▶ **What is required**:
Through the line with "import ezdxf" and starting from the first line, return the records below word for word, with pictures left out.

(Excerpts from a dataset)
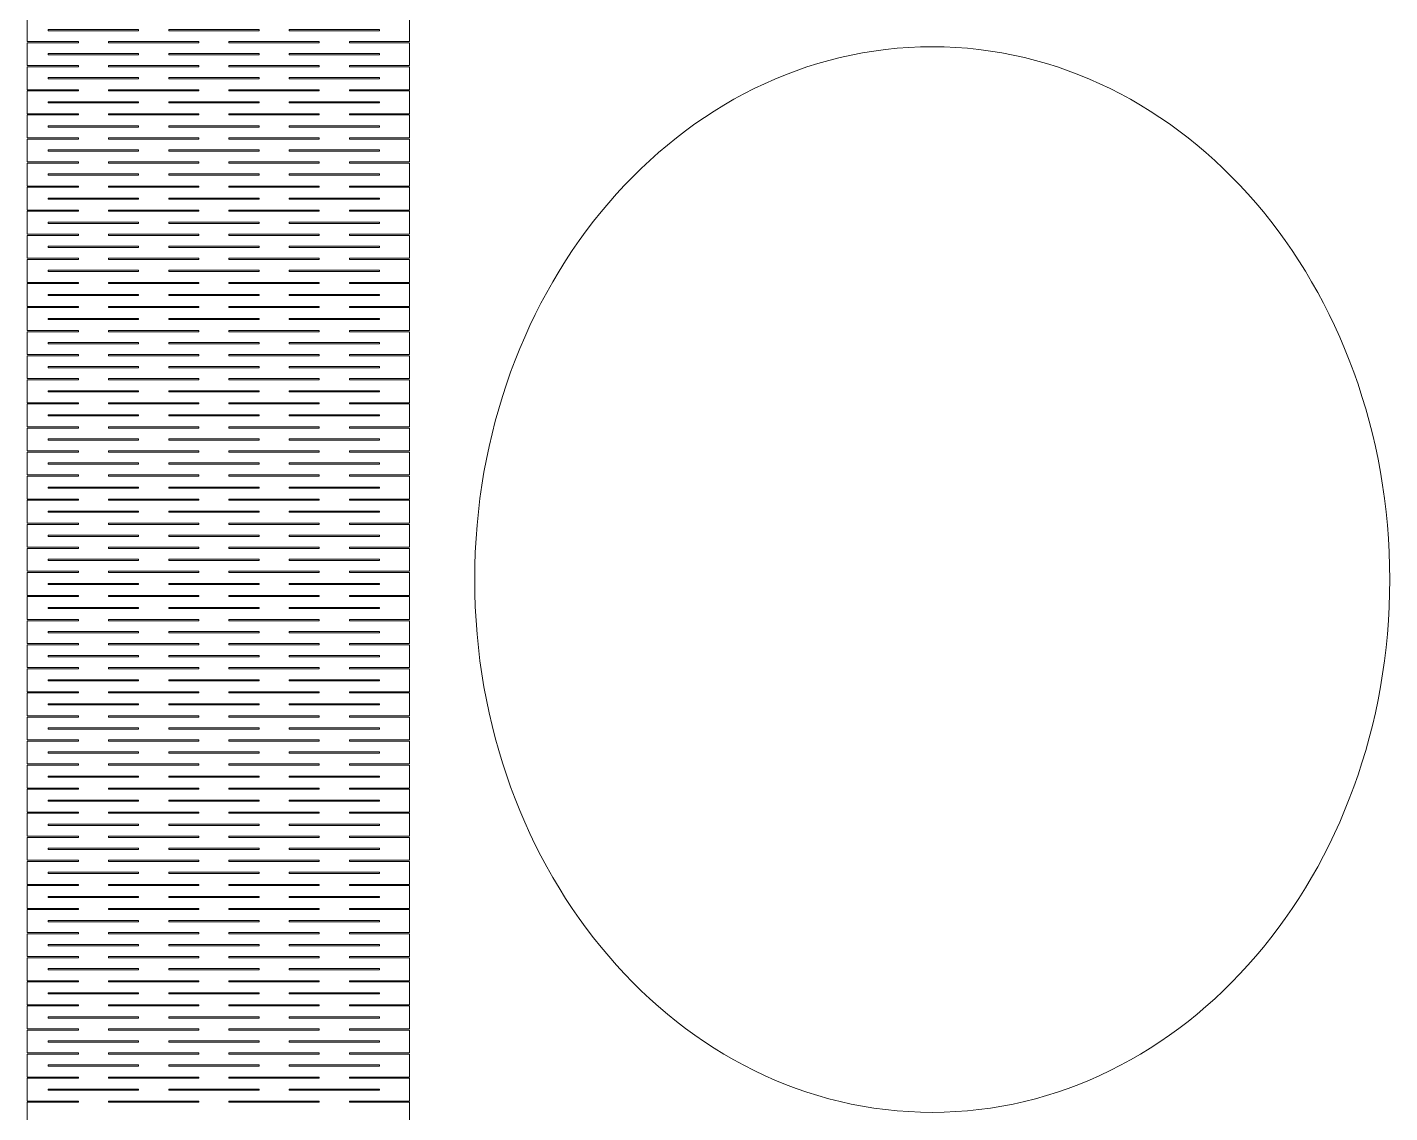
# Model space of a CAD drawing. Header units: millimetres. Extents: x 13 to 655, y 20 to 1205.
# Drawn here: x 13.4 to 466.1, y 221.5 to 582.2 of the extents above; entities that cross this region are included whole.
import ezdxf

# ---------------------------------------------------------------- set-up
doc = ezdxf.new("R2010")
doc.units = ezdxf.units.MM
doc.header["$MEASUREMENT"] = 0
doc.layers.get('0').update_dxf_attribs({"lineweight": 0})

# ---------------------------------------------------------------- blocks, each defined once
blk = doc.blocks.new('Block_0')
at = {"color": 5, "lineweight": 0, "true_color": 0x0000ff}
for p, q in [((13.43, 585.01), (13.43, 577.41)), ((140.43, 577.41), (140.43, 585.01)), ((20.43, 581.41), (20.43, 581.01)), ((50.43, 581.41), (20.43, 581.41)), ((20.43, 581.01), (50.43, 581.01)), ((50.43, 581.01), (50.43, 581.41)), ((60.43, 581.41), (60.43, 581.01)), ((90.43, 581.41), (60.43, 581.41)), ((60.43, 581.01), (90.43, 581.01)), ((90.43, 581.01), (90.43, 581.41)), ((100.43, 581.41), (100.43, 581.01)), ((130.43, 581.41), (100.43, 581.41)), ((100.43, 581.01), (130.43, 581.01)), ((130.43, 581.01), (130.43, 581.41)), ((30.43, 577.41), (13.43, 577.41)), ((13.43, 577.01), (13.43, 569.41)), ((13.43, 577.01), (30.43, 577.01)), ((30.43, 577.01), (30.43, 577.41)), ((40.43, 577.41), (40.43, 577.01)), ((70.43, 577.41), (40.43, 577.41)), ((40.43, 577.01), (70.43, 577.01)), ((70.43, 577.01), (70.43, 577.41)), ((80.43, 577.41), (80.43, 577.01)), ((110.43, 577.41), (80.43, 577.41)), ((80.43, 577.01), (110.43, 577.01)), ((110.43, 577.01), (110.43, 577.41)), ((120.43, 577.41), (120.43, 577.01)), ((140.43, 577.41), (120.43, 577.41)), ((120.43, 577.01), (140.43, 577.01)), ((140.43, 569.41), (140.43, 577.01)), ((20.43, 573.41), (20.43, 573.01)), ((50.43, 573.41), (20.43, 573.41)), ((20.43, 573.01), (50.43, 573.01)), ((50.43, 573.01), (50.43, 573.41)), ((60.43, 573.41), (60.43, 573.01)), ((90.43, 573.41), (60.43, 573.41)), ((60.43, 573.01), (90.43, 573.01)), ((90.43, 573.01), (90.43, 573.41)), ((100.43, 573.41), (100.43, 573.01)), ((130.43, 573.41), (100.43, 573.41)), ((100.43, 573.01), (130.43, 573.01)), ((130.43, 573.01), (130.43, 573.41)), ((30.43, 569.41), (13.43, 569.41)), ((13.43, 569.01), (13.43, 561.41)), ((13.43, 569.01), (30.43, 569.01)), ((30.43, 569.01), (30.43, 569.41)), ((40.43, 569.41), (40.43, 569.01)), ((70.43, 569.41), (40.43, 569.41)), ((40.43, 569.01), (70.43, 569.01)), ((70.43, 569.01), (70.43, 569.41)), ((80.43, 569.41), (80.43, 569.01)), ((110.43, 569.41), (80.43, 569.41)), ((80.43, 569.01), (110.43, 569.01)), ((110.43, 569.01), (110.43, 569.41)), ((120.43, 569.41), (120.43, 569.01)), ((140.43, 569.41), (120.43, 569.41)), ((120.43, 569.01), (140.43, 569.01)), ((140.43, 561.41), (140.43, 569.01)), ((30.43, 561.41), (13.43, 561.41)), ((20.43, 565.41), (20.43, 565.01)), ((50.43, 565.41), (20.43, 565.41)), ((20.43, 565.01), (50.43, 565.01)), ((30.43, 561.01), (30.43, 561.41)), ((40.43, 561.41), (40.43, 561.01)), ((70.43, 561.41), (40.43, 561.41)), ((50.43, 565.01), (50.43, 565.41)), ((60.43, 565.41), (60.43, 565.01)), ((90.43, 565.41), (60.43, 565.41)), ((60.43, 565.01), (90.43, 565.01)), ((70.43, 561.01), (70.43, 561.41)), ((80.43, 561.41), (80.43, 561.01)), ((110.43, 561.41), (80.43, 561.41)), ((90.43, 565.01), (90.43, 565.41)), ((100.43, 565.41), (100.43, 565.01)), ((130.43, 565.41), (100.43, 565.41)), ((100.43, 565.01), (130.43, 565.01)), ((110.43, 561.01), (110.43, 561.41)), ((120.43, 561.41), (120.43, 561.01)), ((140.43, 561.41), (120.43, 561.41)), ((130.43, 565.01), (130.43, 565.41)), ((13.43, 561.01), (13.43, 553.41)), ((13.43, 561.01), (30.43, 561.01)), ((20.43, 557.41), (20.43, 557.01)), ((50.43, 557.41), (20.43, 557.41)), ((20.43, 557.01), (50.43, 557.01)), ((40.43, 561.01), (70.43, 561.01)), ((50.43, 557.01), (50.43, 557.41)), ((60.43, 557.41), (60.43, 557.01)), ((90.43, 557.41), (60.43, 557.41)), ((60.43, 557.01), (90.43, 557.01)), ((80.43, 561.01), (110.43, 561.01)), ((90.43, 557.01), (90.43, 557.41)), ((100.43, 557.41), (100.43, 557.01)), ((130.43, 557.41), (100.43, 557.41)), ((100.43, 557.01), (130.43, 557.01)), ((120.43, 561.01), (140.43, 561.01)), ((130.43, 557.01), (130.43, 557.41)), ((140.43, 553.41), (140.43, 561.01)), ((30.43, 553.41), (13.43, 553.41)), ((13.43, 553.01), (13.43, 545.41)), ((13.43, 553.01), (30.43, 553.01)), ((30.43, 553.01), (30.43, 553.41)), ((40.43, 553.41), (40.43, 553.01)), ((70.43, 553.41), (40.43, 553.41)), ((40.43, 553.01), (70.43, 553.01)), ((70.43, 553.01), (70.43, 553.41)), ((80.43, 553.41), (80.43, 553.01)), ((110.43, 553.41), (80.43, 553.41)), ((80.43, 553.01), (110.43, 553.01)), ((110.43, 553.01), (110.43, 553.41)), ((120.43, 553.41), (120.43, 553.01)), ((140.43, 553.41), (120.43, 553.41)), ((120.43, 553.01), (140.43, 553.01)), ((140.43, 545.41), (140.43, 553.01)), ((20.43, 549.41), (20.43, 549.01)), ((50.43, 549.41), (20.43, 549.41)), ((20.43, 549.01), (50.43, 549.01)), ((50.43, 549.01), (50.43, 549.41)), ((60.43, 549.41), (60.43, 549.01)), ((90.43, 549.41), (60.43, 549.41)), ((60.43, 549.01), (90.43, 549.01)), ((90.43, 549.01), (90.43, 549.41)), ((100.43, 549.41), (100.43, 549.01)), ((130.43, 549.41), (100.43, 549.41)), ((100.43, 549.01), (130.43, 549.01)), ((130.43, 549.01), (130.43, 549.41)), ((30.43, 545.41), (13.43, 545.41)), ((13.43, 545.01), (13.43, 537.41)), ((13.43, 545.01), (30.43, 545.01)), ((30.43, 545.01), (30.43, 545.41)), ((40.43, 545.41), (40.43, 545.01)), ((70.43, 545.41), (40.43, 545.41)), ((40.43, 545.01), (70.43, 545.01)), ((70.43, 545.01), (70.43, 545.41)), ((80.43, 545.41), (80.43, 545.01)), ((110.43, 545.41), (80.43, 545.41)), ((80.43, 545.01), (110.43, 545.01)), ((110.43, 545.01), (110.43, 545.41)), ((120.43, 545.41), (120.43, 545.01)), ((140.43, 545.41), (120.43, 545.41)), ((120.43, 545.01), (140.43, 545.01)), ((140.43, 537.41), (140.43, 545.01)), ((20.43, 541.41), (20.43, 541.01)), ((50.43, 541.41), (20.43, 541.41)), ((20.43, 541.01), (50.43, 541.01)), ((50.43, 541.01), (50.43, 541.41)), ((60.43, 541.41), (60.43, 541.01)), ((90.43, 541.41), (60.43, 541.41)), ((60.43, 541.01), (90.43, 541.01)), ((90.43, 541.01), (90.43, 541.41)), ((100.43, 541.41), (100.43, 541.01)), ((130.43, 541.41), (100.43, 541.41)), ((100.43, 541.01), (130.43, 541.01)), ((130.43, 541.01), (130.43, 541.41)), ((30.43, 537.41), (13.43, 537.41)), ((13.43, 537.01), (13.43, 529.41)), ((13.43, 537.01), (30.43, 537.01)), ((30.43, 537.01), (30.43, 537.41)), ((40.43, 537.41), (40.43, 537.01)), ((70.43, 537.41), (40.43, 537.41)), ((40.43, 537.01), (70.43, 537.01)), ((70.43, 537.01), (70.43, 537.41)), ((80.43, 537.41), (80.43, 537.01)), ((110.43, 537.41), (80.43, 537.41)), ((80.43, 537.01), (110.43, 537.01)), ((110.43, 537.01), (110.43, 537.41)), ((120.43, 537.41), (120.43, 537.01)), ((140.43, 537.41), (120.43, 537.41)), ((120.43, 537.01), (140.43, 537.01)), ((140.43, 529.41), (140.43, 537.01)), ((20.43, 533.41), (20.43, 533.01)), ((50.43, 533.41), (20.43, 533.41)), ((20.43, 533.01), (50.43, 533.01)), ((50.43, 533.01), (50.43, 533.41)), ((60.43, 533.41), (60.43, 533.01)), ((90.43, 533.41), (60.43, 533.41)), ((60.43, 533.01), (90.43, 533.01)), ((90.43, 533.01), (90.43, 533.41)), ((100.43, 533.41), (100.43, 533.01)), ((130.43, 533.41), (100.43, 533.41)), ((100.43, 533.01), (130.43, 533.01)), ((130.43, 533.01), (130.43, 533.41)), ((30.43, 529.41), (13.43, 529.41)), ((13.43, 529.01), (13.43, 521.41)), ((13.43, 529.01), (30.43, 529.01)), ((20.43, 525.41), (20.43, 525.01)), ((50.43, 525.41), (20.43, 525.41)), ((30.43, 529.01), (30.43, 529.41)), ((40.43, 529.41), (40.43, 529.01)), ((70.43, 529.41), (40.43, 529.41)), ((40.43, 529.01), (70.43, 529.01)), ((50.43, 525.01), (50.43, 525.41)), ((60.43, 525.41), (60.43, 525.01)), ((90.43, 525.41), (60.43, 525.41)), ((70.43, 529.01), (70.43, 529.41)), ((80.43, 529.41), (80.43, 529.01)), ((110.43, 529.41), (80.43, 529.41)), ((80.43, 529.01), (110.43, 529.01)), ((90.43, 525.01), (90.43, 525.41)), ((100.43, 525.41), (100.43, 525.01)), ((130.43, 525.41), (100.43, 525.41)), ((110.43, 529.01), (110.43, 529.41)), ((120.43, 529.41), (120.43, 529.01)), ((140.43, 529.41), (120.43, 529.41)), ((120.43, 529.01), (140.43, 529.01)), ((130.43, 525.01), (130.43, 525.41)), ((140.43, 521.41), (140.43, 529.01)), ((30.43, 521.41), (13.43, 521.41)), ((13.43, 521.01), (13.43, 513.41)), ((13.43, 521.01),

▶ **Solution to this problem**:
# Model space of a CAD drawing. Header units: millimetres. Extents: x 13 to 655, y 20 to 1205.
# Drawn here: x 13.4 to 466.1, y 221.5 to 582.2 of the extents above; entities that cross this region are included whole.
import ezdxf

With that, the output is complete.